Hey, I know this is kind of 5 pages too late, but about this:



> Yup. But at other times, they use "gp". And while I've only skimmed, I haven't seem a reference to that effect. It's kind of a moot point with me, since I hate the 4e economy rule anyway and will be rewriting the gear costs. Just kind of a curious slip, as if there were two thoughts on the subject and both camps got their way in the final product.




Sidebar, Page 14. Basically, "we used the standard abbreviations, but keep in mind that coins are actually ceramic bits, not precious metals. Metal coins exist and can be used to deal with folks who don't honor the S-K's ceramic bit sysetm, but unless you're a merchant house or a dune trader or something, you're going to attract unwanted attention."

Pretty reasonable, IMO.


----------



## Dannyalcatraz (Aug 22, 2010)

4Ed Dark Sun is the proverbial straw for me.

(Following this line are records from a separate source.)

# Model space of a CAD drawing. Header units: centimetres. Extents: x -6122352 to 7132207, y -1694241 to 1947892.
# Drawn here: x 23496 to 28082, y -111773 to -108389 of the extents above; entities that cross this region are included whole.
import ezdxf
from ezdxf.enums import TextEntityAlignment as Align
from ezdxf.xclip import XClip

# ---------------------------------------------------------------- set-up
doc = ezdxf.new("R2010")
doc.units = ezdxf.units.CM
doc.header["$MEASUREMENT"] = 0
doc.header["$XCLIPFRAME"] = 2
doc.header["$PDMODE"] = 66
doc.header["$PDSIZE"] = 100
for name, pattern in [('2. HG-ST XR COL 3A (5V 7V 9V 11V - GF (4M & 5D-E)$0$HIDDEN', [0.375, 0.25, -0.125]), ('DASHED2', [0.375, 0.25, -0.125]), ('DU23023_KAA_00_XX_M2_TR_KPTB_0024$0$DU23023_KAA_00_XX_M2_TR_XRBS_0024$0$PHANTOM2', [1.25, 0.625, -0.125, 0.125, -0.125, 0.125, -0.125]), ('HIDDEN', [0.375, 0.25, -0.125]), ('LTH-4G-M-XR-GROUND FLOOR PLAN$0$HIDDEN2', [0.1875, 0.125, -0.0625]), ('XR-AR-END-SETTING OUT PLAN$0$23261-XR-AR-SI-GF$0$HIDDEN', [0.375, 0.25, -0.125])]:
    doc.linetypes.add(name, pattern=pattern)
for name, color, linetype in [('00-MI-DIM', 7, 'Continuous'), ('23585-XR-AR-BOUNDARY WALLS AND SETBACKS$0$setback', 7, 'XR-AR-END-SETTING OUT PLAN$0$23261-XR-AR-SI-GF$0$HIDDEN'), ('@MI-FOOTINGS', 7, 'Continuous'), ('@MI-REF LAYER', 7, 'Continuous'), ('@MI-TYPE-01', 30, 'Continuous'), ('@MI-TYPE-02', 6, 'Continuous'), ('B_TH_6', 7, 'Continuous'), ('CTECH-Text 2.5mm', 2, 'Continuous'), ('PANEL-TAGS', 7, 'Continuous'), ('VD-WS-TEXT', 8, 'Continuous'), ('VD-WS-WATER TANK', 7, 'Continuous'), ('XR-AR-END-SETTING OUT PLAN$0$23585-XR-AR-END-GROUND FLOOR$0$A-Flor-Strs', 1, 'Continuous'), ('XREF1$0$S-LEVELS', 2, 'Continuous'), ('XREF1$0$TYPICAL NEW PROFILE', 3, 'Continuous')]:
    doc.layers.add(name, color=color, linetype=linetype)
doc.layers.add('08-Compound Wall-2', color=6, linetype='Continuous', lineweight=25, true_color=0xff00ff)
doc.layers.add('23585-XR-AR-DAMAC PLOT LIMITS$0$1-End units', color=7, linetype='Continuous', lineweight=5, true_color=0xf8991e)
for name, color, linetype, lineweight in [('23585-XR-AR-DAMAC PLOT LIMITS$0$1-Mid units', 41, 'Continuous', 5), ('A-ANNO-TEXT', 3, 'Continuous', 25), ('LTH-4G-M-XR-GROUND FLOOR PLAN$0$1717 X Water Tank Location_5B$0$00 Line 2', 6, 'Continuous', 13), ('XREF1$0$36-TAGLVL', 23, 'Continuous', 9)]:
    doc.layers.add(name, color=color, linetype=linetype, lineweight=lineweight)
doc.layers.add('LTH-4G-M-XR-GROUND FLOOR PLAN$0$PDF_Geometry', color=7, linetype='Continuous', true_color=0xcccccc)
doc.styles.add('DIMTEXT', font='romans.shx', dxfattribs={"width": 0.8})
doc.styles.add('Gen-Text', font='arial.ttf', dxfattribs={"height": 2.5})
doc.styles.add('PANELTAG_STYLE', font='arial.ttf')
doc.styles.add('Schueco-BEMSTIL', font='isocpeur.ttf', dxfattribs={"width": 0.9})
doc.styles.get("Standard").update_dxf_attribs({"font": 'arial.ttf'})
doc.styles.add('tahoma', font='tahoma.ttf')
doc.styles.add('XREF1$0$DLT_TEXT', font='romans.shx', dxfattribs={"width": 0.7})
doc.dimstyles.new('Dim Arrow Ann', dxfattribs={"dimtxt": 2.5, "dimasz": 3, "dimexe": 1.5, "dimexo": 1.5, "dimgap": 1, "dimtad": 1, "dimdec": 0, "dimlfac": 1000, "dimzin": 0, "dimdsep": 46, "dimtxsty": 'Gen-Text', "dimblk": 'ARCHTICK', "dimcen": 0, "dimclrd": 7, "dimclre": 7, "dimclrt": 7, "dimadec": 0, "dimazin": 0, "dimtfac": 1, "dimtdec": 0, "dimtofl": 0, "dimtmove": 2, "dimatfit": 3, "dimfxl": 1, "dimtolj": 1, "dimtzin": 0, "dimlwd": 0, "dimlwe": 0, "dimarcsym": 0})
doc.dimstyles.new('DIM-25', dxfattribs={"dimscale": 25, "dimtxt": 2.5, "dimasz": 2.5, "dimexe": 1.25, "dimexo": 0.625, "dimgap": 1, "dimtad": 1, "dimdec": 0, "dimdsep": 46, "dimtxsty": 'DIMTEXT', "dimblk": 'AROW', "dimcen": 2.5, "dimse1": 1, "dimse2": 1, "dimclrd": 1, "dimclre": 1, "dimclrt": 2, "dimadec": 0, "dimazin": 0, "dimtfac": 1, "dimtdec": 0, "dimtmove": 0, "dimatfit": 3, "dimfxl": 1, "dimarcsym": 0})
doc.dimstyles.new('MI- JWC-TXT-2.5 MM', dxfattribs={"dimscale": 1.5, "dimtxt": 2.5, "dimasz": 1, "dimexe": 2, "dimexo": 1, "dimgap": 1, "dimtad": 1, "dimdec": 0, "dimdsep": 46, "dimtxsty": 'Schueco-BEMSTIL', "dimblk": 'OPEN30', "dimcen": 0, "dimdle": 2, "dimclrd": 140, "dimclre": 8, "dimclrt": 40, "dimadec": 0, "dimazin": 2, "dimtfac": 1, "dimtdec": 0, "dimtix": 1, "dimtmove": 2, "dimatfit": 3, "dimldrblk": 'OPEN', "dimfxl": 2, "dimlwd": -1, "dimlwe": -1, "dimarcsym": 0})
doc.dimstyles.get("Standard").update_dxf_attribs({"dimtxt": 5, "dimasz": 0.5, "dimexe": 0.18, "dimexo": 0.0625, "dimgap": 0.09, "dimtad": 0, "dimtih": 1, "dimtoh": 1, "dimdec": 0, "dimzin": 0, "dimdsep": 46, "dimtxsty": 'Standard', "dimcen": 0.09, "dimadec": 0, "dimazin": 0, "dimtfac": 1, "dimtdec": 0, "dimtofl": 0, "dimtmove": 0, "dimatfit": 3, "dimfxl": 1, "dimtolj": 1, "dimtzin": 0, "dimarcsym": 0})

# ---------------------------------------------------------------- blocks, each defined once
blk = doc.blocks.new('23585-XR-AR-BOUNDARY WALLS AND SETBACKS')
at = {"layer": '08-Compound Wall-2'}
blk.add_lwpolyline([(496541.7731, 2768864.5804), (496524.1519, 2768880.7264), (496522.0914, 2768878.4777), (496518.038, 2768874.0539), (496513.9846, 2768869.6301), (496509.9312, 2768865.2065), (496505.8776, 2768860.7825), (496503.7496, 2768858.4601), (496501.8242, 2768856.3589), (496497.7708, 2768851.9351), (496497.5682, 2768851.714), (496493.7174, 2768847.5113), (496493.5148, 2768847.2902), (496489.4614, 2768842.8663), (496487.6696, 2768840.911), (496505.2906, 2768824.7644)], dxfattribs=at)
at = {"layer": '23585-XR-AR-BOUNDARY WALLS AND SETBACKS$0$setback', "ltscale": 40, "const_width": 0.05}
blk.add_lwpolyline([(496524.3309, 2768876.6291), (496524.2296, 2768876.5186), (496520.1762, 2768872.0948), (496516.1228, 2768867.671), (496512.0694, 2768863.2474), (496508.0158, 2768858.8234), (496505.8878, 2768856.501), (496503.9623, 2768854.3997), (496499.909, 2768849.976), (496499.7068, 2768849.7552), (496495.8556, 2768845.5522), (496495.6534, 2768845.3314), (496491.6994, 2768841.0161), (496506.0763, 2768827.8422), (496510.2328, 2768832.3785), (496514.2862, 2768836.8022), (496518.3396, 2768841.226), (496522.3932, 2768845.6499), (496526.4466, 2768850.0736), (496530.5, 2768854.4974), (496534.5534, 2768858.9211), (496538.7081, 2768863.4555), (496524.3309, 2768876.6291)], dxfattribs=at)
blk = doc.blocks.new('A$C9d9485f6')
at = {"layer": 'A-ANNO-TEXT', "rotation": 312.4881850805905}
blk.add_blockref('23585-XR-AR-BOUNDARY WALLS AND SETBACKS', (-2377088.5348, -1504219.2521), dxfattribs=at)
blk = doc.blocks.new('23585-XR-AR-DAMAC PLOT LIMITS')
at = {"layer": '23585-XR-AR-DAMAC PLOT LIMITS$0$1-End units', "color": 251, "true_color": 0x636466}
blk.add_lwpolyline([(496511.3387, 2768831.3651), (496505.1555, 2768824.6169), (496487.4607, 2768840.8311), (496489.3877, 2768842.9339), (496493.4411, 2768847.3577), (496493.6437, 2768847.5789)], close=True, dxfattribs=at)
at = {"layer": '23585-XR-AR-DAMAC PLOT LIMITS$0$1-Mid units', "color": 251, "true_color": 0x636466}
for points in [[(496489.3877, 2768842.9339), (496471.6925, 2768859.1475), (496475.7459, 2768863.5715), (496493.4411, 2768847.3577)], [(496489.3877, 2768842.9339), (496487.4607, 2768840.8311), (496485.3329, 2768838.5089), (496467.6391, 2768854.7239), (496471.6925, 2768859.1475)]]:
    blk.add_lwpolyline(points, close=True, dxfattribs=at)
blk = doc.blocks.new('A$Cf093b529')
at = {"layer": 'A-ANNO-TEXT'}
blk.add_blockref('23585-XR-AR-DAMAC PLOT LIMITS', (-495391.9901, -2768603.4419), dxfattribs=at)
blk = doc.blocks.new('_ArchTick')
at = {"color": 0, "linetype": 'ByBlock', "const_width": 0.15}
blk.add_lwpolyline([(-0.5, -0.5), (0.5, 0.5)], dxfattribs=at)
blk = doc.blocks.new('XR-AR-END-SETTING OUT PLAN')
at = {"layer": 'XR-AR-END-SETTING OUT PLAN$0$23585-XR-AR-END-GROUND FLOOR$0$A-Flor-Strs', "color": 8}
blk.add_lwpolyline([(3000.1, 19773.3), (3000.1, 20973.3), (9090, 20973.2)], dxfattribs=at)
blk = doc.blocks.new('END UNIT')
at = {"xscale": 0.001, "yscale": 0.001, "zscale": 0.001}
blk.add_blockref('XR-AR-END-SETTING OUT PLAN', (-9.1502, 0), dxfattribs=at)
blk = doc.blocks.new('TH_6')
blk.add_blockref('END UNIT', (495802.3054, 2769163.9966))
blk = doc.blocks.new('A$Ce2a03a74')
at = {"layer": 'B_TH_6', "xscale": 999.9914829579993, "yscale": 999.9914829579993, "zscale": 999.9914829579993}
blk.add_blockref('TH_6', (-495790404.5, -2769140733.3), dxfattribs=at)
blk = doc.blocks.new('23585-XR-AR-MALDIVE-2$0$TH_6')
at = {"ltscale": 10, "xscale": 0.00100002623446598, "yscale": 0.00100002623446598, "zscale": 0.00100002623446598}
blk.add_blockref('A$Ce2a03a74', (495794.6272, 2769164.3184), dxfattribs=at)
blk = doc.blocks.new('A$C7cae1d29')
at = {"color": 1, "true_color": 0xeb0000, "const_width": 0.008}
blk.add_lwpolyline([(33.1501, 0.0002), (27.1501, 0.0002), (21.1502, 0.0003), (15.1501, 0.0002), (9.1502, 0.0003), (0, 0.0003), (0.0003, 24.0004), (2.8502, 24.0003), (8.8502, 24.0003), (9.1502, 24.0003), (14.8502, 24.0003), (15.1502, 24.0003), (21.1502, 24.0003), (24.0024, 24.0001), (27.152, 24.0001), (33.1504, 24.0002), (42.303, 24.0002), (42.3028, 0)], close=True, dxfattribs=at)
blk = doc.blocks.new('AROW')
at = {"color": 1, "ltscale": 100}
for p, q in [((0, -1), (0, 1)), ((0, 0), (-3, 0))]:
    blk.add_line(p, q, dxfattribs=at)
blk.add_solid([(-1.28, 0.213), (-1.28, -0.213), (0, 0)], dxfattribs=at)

Too many changes that didn't need changing: Half-Giants becoming Goliaths; Thri-Kreen losing the martial use of one set of arms...completely at odds with their history AND some of the MAJOR pieces of current art; yet another set of mechanics to fiddle with your PC.

Etc.


IOW, I have spent my last dime on 4Ed.


----------



## Scribble (Aug 22, 2010)

Dannyalcatraz said:


> 4Ed Dark Sun is the proverbial straw for me.
> 
> Too many changes that didn't need changing: Half-Giants becoming Goliaths; Thri-Kreen losing the martial use of one set of arms...completely at odds with their history AND some of the MAJOR pieces of current art; yet another set of mechanics to fiddle with your PC.
> 
> ...




Just goes to show you different strokes for different folks I guess... Cause most of the stuff you list as negatives I see as positives (and not changes that didn't need changing.)

 Hope you find something that works well for you!


----------



## Obryn (Aug 22, 2010)

Scribble said:


> Just goes to show you different strokes for different folks I guess... Cause most of the stuff you list as negatives I see as positives (and not changes that didn't need changing.)
> 
> Hope you find something that works well for you!



Ditto.   For one thing, one of the awesome things about RPGs is that they don't have a display screen.  So half-giants and thri-kreen look like however they look like in my mind - and totally differently from how they look in my players' minds, too.  I like them more mantis-shaped, too, but if I want them to be, poof! They are.  I can always find 2e artwork, if I need to show something to my players.

I love the themes.  It's a pretty sweet way to tie my players' characters into the setting with minimal fuss.  Also, it's a great way to implement some things that might otherwise have required whole new classes - Athasian Bards, Templars, and Elemental Clerics, for example.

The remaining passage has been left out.